Structural, Compositional and Electrical Characterization of buried silicon oxide insulating layers synthesized by SIMOX process

Abstract

Silicon oxide (SiO2) buried insulating layers were synthesized by SIMOX (separation by implanted oxygen) process using 140 keV 16O+ ion implantation at fluence levels ranging from 1.0×1017 to 1.0×1018 cm−2 into <111> single crystal silicon substrates at room temperature and at elevated temperature (325 °C). The post‐implantation annealing was performed in order to recover the implantation‐induced structural damage. The structural, compositional and electrical characterization of the ion‐beam synthesized buried silicon oxide insulating layers were characterized by Fourier transform infrared (FTIR) spectroscopy, X‐ray diffraction (XRD), Rutherford backscattering spectroscopy (RBS) measurements and Current‐voltage (I–V) characteristics.
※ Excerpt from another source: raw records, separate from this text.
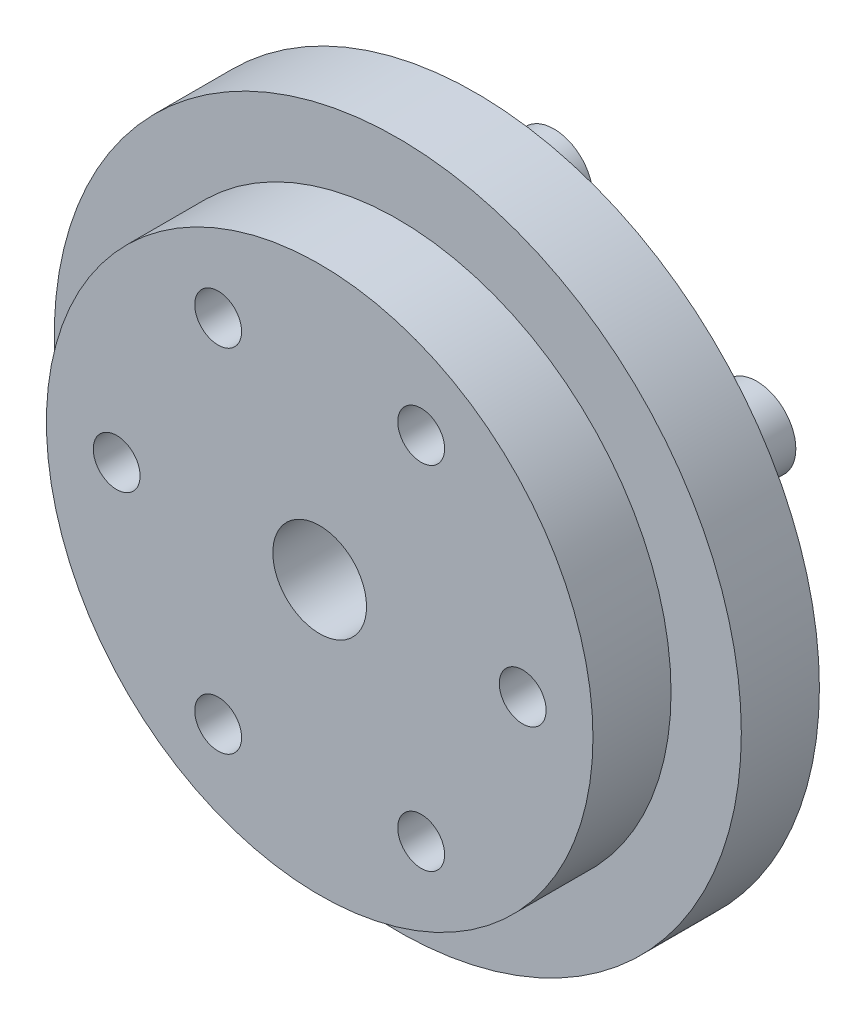
SolidWorks part; units mm, degrees
ref_plane "Front Plane" through (0, 0, 0) normal (0, 0, 1) x (1, 0, 0)
ref_plane "Top Plane" through (0, 0, 0) normal (0, 1, 0) x (1, 0, 0)
ref_plane "Right Plane" through (0, 0, 0) normal (1, 0, 0) x (0, 0, -1)
sketch "Sketch1" plane through (0, 0, 0) normal (0, 0, 1) x (1, 0, 0)
  circle A0 centre (0, 0) radius 22
  dimension "D1" = 44
extrude "Boss-Extrude1" add sketch "Sketch1" along normal blind 5
sketch "Sketch2" plane through (0, 0, 5) normal (0, 0, 1) x (1, 0, 0)
  circle A0 centre (0, 0) radius 17.5
  dimension "D1" = 35
extrude "Boss-Extrude2" add sketch "Sketch2" along normal blind 5
sketch "Sketch4" plane through (0, 0, 10) normal (0, 0, 1) x (1, 0, 0)
  circle A0 centre (0, 0) radius 8
  dimension "D1" = 16
extrude "Cut-Extrude2" cut sketch "Sketch4" against normal blind 10
sketch "Sketch5" plane through (0, 0, 10) normal (0, 0, 1) x (1, 0, 0)
  circle A0 centre (13, 0) radius 1.5
  circle A1 centre (6.5, -11.2583) radius 1.5
  circle A2 centre (-6.5, -11.2583) radius 1.5
  circle A3 centre (-13, 0) radius 1.5
  circle A4 centre (-6.5, 11.2583) radius 1.5
  circle A5 centre (6.5, 11.2583) radius 1.5
  point P15 (0, 0)
  dimension "D1" = 3
  dimension "D2" = 13
  dimension "D3" = 6
extrude "Cut-Extrude3" cut sketch "Sketch5" against normal blind 3
sketch "Sketch7" plane through (0, 0, 0) normal (0, 0, -1) x (-1, 0, 0)
  circle A0 centre (0, 15) radius 2.5
  circle A1 centre (12.9904, 7.5) radius 2.5
  circle A2 centre (12.9904, -7.5) radius 2.5
  circle A3 centre (0, -15) radius 2.5
  circle A4 centre (-12.9904, -7.5) radius 2.5
  circle A5 centre (-12.9904, 7.5) radius 2.5
  point P16 (0, 0)
  dimension "D1" = 5
  dimension "D2" = 15
  dimension "D3" = 6
extrude "Boss-Extrude4" add sketch "Sketch7" along normal blind 5
sketch "Sketch8" plane through (0, 0, 10) normal (0, 0, 1) x (1, 0, 0)
  circle A0 centre (0, 0) radius 8
  circle A1 centre (0, 0) radius 3
  dimension "D1" = 6
extrude "Boss-Extrude5" add sketch "Sketch8" against normal blind 5

The FTIR spectra of implanted samples reveal absorption band in the wavenumber range 1200–800 cm−1 associated with the stretching vibration of Si‐O bonds indicating the formation of silicon oxide. The FTIR spectra of annealed samples revealed absorption band associated with one bending vibration in addition to the asymmetric stretching vibration of Si‐O bonds. The FTIR studies show that the structures of ion‐beam synthesized buried oxide layers are strongly dependent on total ion fluence. The XRD data show the formation of silicon oxide (SiO2) structure at all ion fluences. The concentration of the formed phases is found to increase with increase in the ion fluence as well as the annealing temperature. The RBS measurements show that the thickness of the buried oxide layer increases with increase in the oxygen fluence. However, the thickness of the top silicon layer was found to decrease with increase in the ion fluence. The I‐V characteristics show that the currents flowing in buried oxide layers are ohmic in the low voltage region and space charge limited in the higher voltage range.